Display in speech buffer

(defun my-live-speech-display-in-speech-buffer (recognition-results)
  (with-current-buffer (get-buffer-create my-live-speech-buffer)
    (let-alist recognition-results
      (let* ((pos (point))
             (at-end (eobp)))
        (goto-char (point-max))
        (unless (eolp) (insert "\n"))
        (when .msg
          (insert .msg "\n"))
        (when .transcript
          (insert .transcript "\n"))
        ;; scroll to the bottom if being displayed
        (if at-end
            (when (get-buffer-window (current-buffer))
              (set-window-point (get-buffer-window (current-buffer)) (point)))
          (goto-char pos))))))

(defun my-live-speech-toggle-heading ()
  "Toggle a line as a heading."
  (interactive)
  (with-current-buffer (get-buffer my-live-speech-buffer)
    (display-buffer (current-buffer))
    (with-selected-window (get-buffer-window (get-buffer my-live-speech-buffer))
      (let ((avy-all-windows nil))
        (avy-goto-line 1))
      (org-toggle-heading 1))))

(defun my-live-speech-cycle-visibility ()
  "Get a quick overview."
  (interactive)
  (with-current-buffer (get-buffer my-live-speech-buffer)
    (display-buffer (current-buffer))
    (if (eq org-cycle-global-status 'contents)
        (progn
          (run-hook-with-args 'org-cycle-pre-hook 'all)
          (org-fold-show-all '(headings blocks))
          (setq org-cycle-global-status 'all)
          (run-hook-with-args 'org-cycle-hook 'all))
      (run-hook-with-args 'org-cycle-pre-hook 'contents)
      (org-cycle-content)
      (setq org-cycle-global-status 'contents)
      (run-hook-with-args 'org-cycle-hook 'contents))))

Display words per minute

(defvar my-live-speech-wpm-window-seconds 15 "How many seconds to calculate WPM for.")
(defvar my-live-speech-recent-words nil "Words spoken in `my-live-speech-wpm-window-minutes'.")
(defvar my-live-speech-wpm nil "Current WPM.")
(defvar my-live-speech-wpm-colors  ; haven't figured out how to make these work yet
  '((180 :foreground "red")
    (170 :foreground "yellow")
    (160 :foreground "green")))
(defvar my-live-speech-wpm-string nil "Add this somewhere in `mode-line-format'.")
(defun my-live-speech-wpm-string ()
  (propertize
   (format "%d WPM " my-live-speech-wpm)
   'face
   (cdr (seq-find (lambda (row) (> my-live-speech-wpm (car row))) my-live-speech-wpm-colors))))
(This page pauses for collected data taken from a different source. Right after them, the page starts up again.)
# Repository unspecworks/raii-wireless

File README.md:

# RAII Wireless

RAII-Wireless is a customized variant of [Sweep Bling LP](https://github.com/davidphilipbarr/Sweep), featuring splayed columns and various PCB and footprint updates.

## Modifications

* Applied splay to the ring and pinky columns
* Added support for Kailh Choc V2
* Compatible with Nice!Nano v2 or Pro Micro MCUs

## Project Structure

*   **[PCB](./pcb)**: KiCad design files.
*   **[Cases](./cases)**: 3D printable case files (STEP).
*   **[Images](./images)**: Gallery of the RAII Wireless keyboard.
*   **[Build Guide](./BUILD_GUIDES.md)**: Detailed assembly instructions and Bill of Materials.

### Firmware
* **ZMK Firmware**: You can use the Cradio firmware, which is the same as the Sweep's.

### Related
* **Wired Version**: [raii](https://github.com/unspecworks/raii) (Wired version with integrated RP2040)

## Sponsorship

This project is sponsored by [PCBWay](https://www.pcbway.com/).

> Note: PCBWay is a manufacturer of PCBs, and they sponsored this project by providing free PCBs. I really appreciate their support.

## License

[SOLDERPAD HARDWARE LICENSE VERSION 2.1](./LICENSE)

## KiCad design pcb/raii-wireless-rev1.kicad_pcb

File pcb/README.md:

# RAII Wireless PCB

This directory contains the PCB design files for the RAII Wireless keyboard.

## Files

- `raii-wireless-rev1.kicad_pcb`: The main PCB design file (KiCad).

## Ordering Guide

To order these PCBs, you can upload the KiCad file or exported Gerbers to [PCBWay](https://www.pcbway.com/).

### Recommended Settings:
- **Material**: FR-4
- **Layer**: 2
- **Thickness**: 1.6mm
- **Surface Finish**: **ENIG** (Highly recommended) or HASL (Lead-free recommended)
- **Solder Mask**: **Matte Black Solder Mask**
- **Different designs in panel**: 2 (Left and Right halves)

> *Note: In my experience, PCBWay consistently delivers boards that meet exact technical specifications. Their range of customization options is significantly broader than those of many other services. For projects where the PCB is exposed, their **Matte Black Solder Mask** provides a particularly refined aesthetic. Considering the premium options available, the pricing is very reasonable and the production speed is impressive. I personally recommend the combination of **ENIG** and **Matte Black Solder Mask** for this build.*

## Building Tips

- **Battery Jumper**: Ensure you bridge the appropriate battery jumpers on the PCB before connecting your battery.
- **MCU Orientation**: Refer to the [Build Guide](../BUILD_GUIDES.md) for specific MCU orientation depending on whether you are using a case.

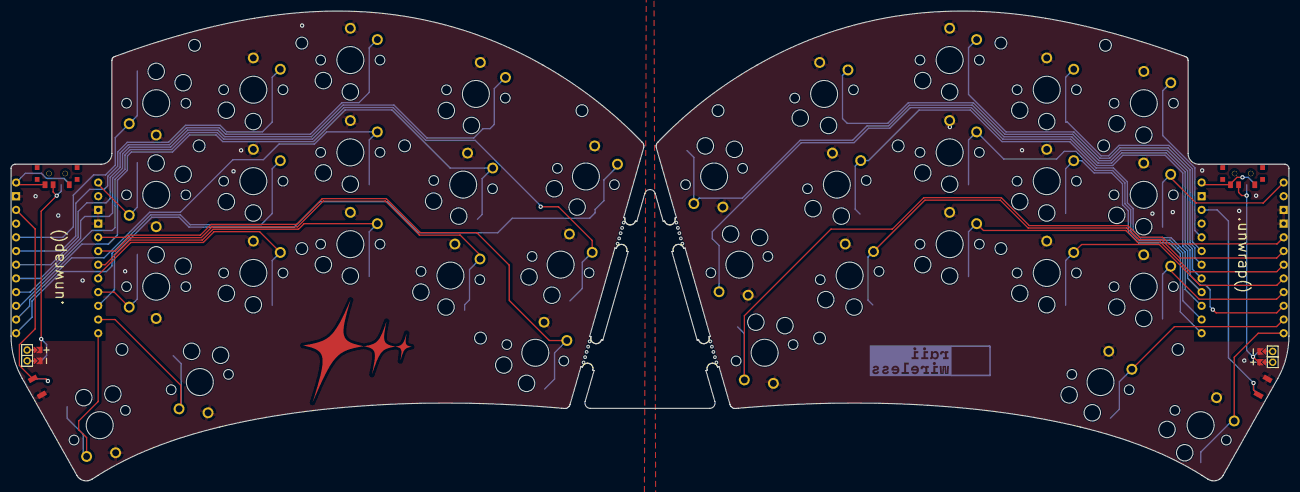
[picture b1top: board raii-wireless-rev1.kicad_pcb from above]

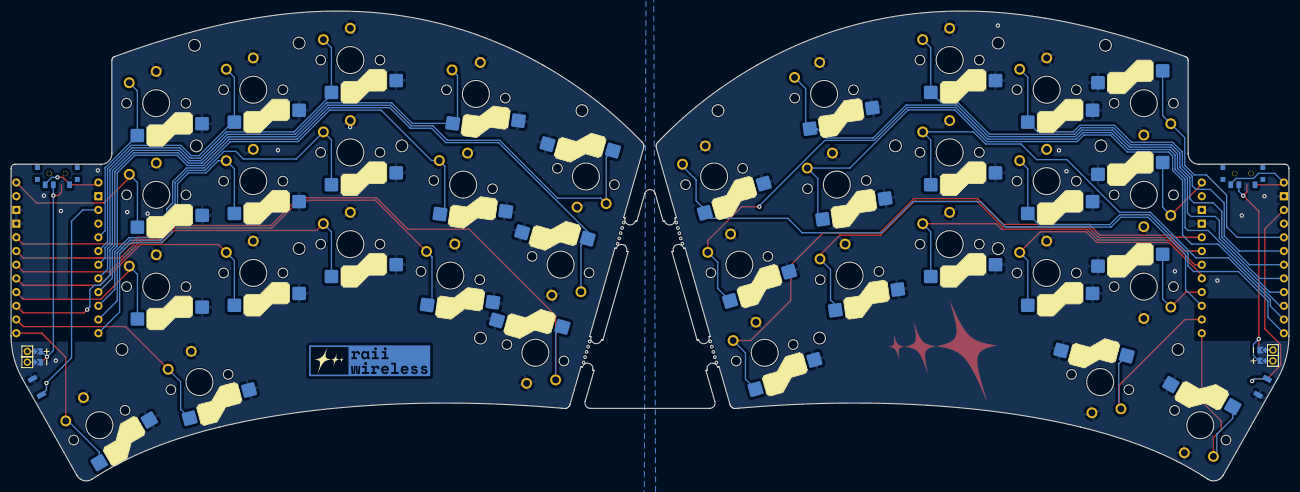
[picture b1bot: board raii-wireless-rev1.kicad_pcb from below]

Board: 2 copper layers, 236.9 x 87.1 mm, 60 parts (2 on the bottom side), 46 nets.

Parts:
Bat+1, Bat+1#2: MountingHole_Pad; 1pin_conn
BatGND1, BatGND1#2: MountingHole_Pad; 1pin_conn
JST1, JST1#2: Val**; jumper2p
REF_PUCK_R: Tenting Puck; Tenting_Puck2_no_pads
RSW1, RSW2: SW_Push_SMD; SW_SPST_B3U-1000P-DS
SW1, SW1_r1, SW2, SW2_r1, SW3, SW3_r1, SW4, SW4_r1, SW5, SW5_r1, SW6, SW6_r1, SW7, SW7_r1, SW8, SW8_r1, SW9, SW9_r1, SW10, SW10_r1, SW11, SW11_r1, SW12, SW12_r1, SW13, SW13_r1, SW14, SW14_r1, SW15, SW15_r1, SW16, SW16_r1, SW17, SW17_r1: SW_Push; SW_Hotswap_Kailh_Choc_V1_tweaked
SW_POWER1: SW_SPDT; SPDT_C128955
SW_POWERR1: SW_SPDT; SPDT_C128955
U1, U2: ProMicro-kbd; ProMicro_v3_min
e: Tenting Puck; Tenting_Puck2_no_pads
mouse-bite-2mm-slot2, mouse-bite-2mm-slot2#2, mouse-bite-2mm-slot2#3, mouse-bite-2mm-slot2#4: VAL**; mouse-bite-5mm-slot-with-space-for-track
x: MH; MountingHole_2.2mm_M2
x#2, x#3, x#4, x#5, x#6, x#7, x#8: MH; MountingHole_2.2mm_M2

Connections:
BAT_1: Bat+1#2.1, JST1#2.21, JST1#2.31
BAT_2: BatGND1#2.1, JST1#2.22, JST1#2.32
BT+: JST1#2.2, SW_POWER1.2 (B)
BT+_r: JST1.2, SW_POWERR1.2 (B)
R_BAT_1: Bat+1.1, JST1.22, JST1.32
R_BAT_2: BatGND1.1, JST1.21, JST1.31
Switch1: SW1.1, U1.10 (E6)
Switch1_r: SW1_r1.1, U2.10 (E6)
Switch2: SW2.1, U1.17 (F7)
Switch2_r: SW2_r1.1, U2.17 (F7)
Switch3: SW3.1, U1.18 (F6)
Switch3_r: SW3_r1.1, U2.18 (F6)
Switch4: SW4.1, U1.19 (F5)
Switch4_r: SW4_r1.1, U2.19 (F5)
Switch5: SW5.1, U1.20 (F4)
Switch5_r: SW5_r1.1, U2.20 (F4)
Switch6: SW6.1, U1.16 (B1)
Switch6_r: SW6_r1.1, U2.16 (B1)
Switch7: SW7.1, U1.15 (B3)
Switch7_r: SW7_r1.1, U2.15 (B3)
Switch8: SW8.1, U1.14 (B2)
Switch8_r: SW8_r1.1, U2.14 (B2)
Switch9: SW9.1, U1.13 (B6)
Switch9_r: SW9_r1.1, U2.13 (B6)
Switch10: SW10.1, U1.1 (TX)
Switch10_r: SW10_r1.1, U2.1 (TX)
Switch11: SW11.1, U1.5 (SDA)
Switch11_r: SW11_r1.1, U2.5 (SDA)
Switch12: SW12.1, U1.6 (SCL)
Switch12_r: SW12_r1.1, U2.6 (SCL)
Switch13: SW13.1, U1.7 (D4)
Switch13_r: SW13_r1.1, U2.7 (D4)
Switch14: SW14.1, U1.8 (C6)
Switch14_r: SW14_r1.1, U2.8 (C6)
Switch15: SW15.1, U1.9 (D7)
Switch15_r: SW15_r1.1, U2.9 (D7)
Switch16: SW16.1, U1.11 (B4)
Switch16_r: SW16_r1.1, U2.11 (B4)
Switch17: SW17.1, U1.12 (B5)
Switch17_r: SW17_r1.1, U2.12 (B5)
gnd: JST1#2.1, RSW1.1, SW1.2, SW2.2, SW3.2, SW4.2, SW5.2, SW6.2, SW7.2, SW8.2, SW9.2, SW10.2, SW11.2, SW12.2, SW13.2, SW14.2, SW15.2, SW16.2, SW17.2, U1.3 (GND), U1.4 (GND), U1.23 (GND)
gnd_r: JST1.1, RSW2.1, SW1_r1.2, SW2_r1.2, SW3_r1.2, SW4_r1.2, SW5_r1.2, SW6_r1.2, SW7_r1.2, SW8_r1.2, SW9_r1.2, SW10_r1.2, SW11_r1.2, SW12_r1.2, SW13_r1.2, SW14_r1.2, SW15_r1.2, SW16_r1.2, SW17_r1.2, U2.3 (GND), U2.4 (GND), U2.23 (GND)
raw: SW_POWER1.3 (C), U1.24 (RAW)
raw_r: SW_POWERR1.3 (C), U2.24 (RAW)
reset: RSW1.2, U1.22 (RST)
reset_r: RSW2.2, U2.22 (RST)

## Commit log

2026-01-31 doc: add build guides and case file.
2026-02-26 add comprehensive build guides with images and detailed component documentation for PCB and cases.
2026-03-02 case: updated reset button durability
2026-03-03 case: Add top logo case model

(defun my-live-speech-display-wpm (recognition-results)
  (let-alist recognition-results
    (when .words
      ;; calculate WPM
      (setq my-live-speech-recent-words
            (append my-live-speech-recent-words .words nil))
      (let ((threshold (- (assoc-default 'end (aref .words (1- (length .words))))
                          my-live-speech-wpm-window-seconds)))
        (setq my-live-speech-recent-words
              (seq-filter
               (lambda (o)
                 (>= (assoc-default 'start o)
                     threshold))
               my-live-speech-recent-words))
        (setq my-live-speech-wpm
              (/
               (length my-live-speech-recent-words)
               (/ (- (assoc-default 'end (aref .words (1- (length .words))))
                     (assoc-default 'start (car my-live-speech-recent-words)))
                  60.0)))
        (setq my-live-speech-wpm-string (my-live-speech-wpm-string))))))

Append to EmacsConf Etherpad

(defvar my-live-speech-etherpad-id nil)
(defun my-live-speech-append-to-etherpad (recognition-results)
  (when my-live-speech-etherpad-id
    (emacsconf-pad-append-text my-live-speech-etherpad-id (concat " " (assoc-default 'transcript recognition-results)))))
This is part of my Emacs configuration.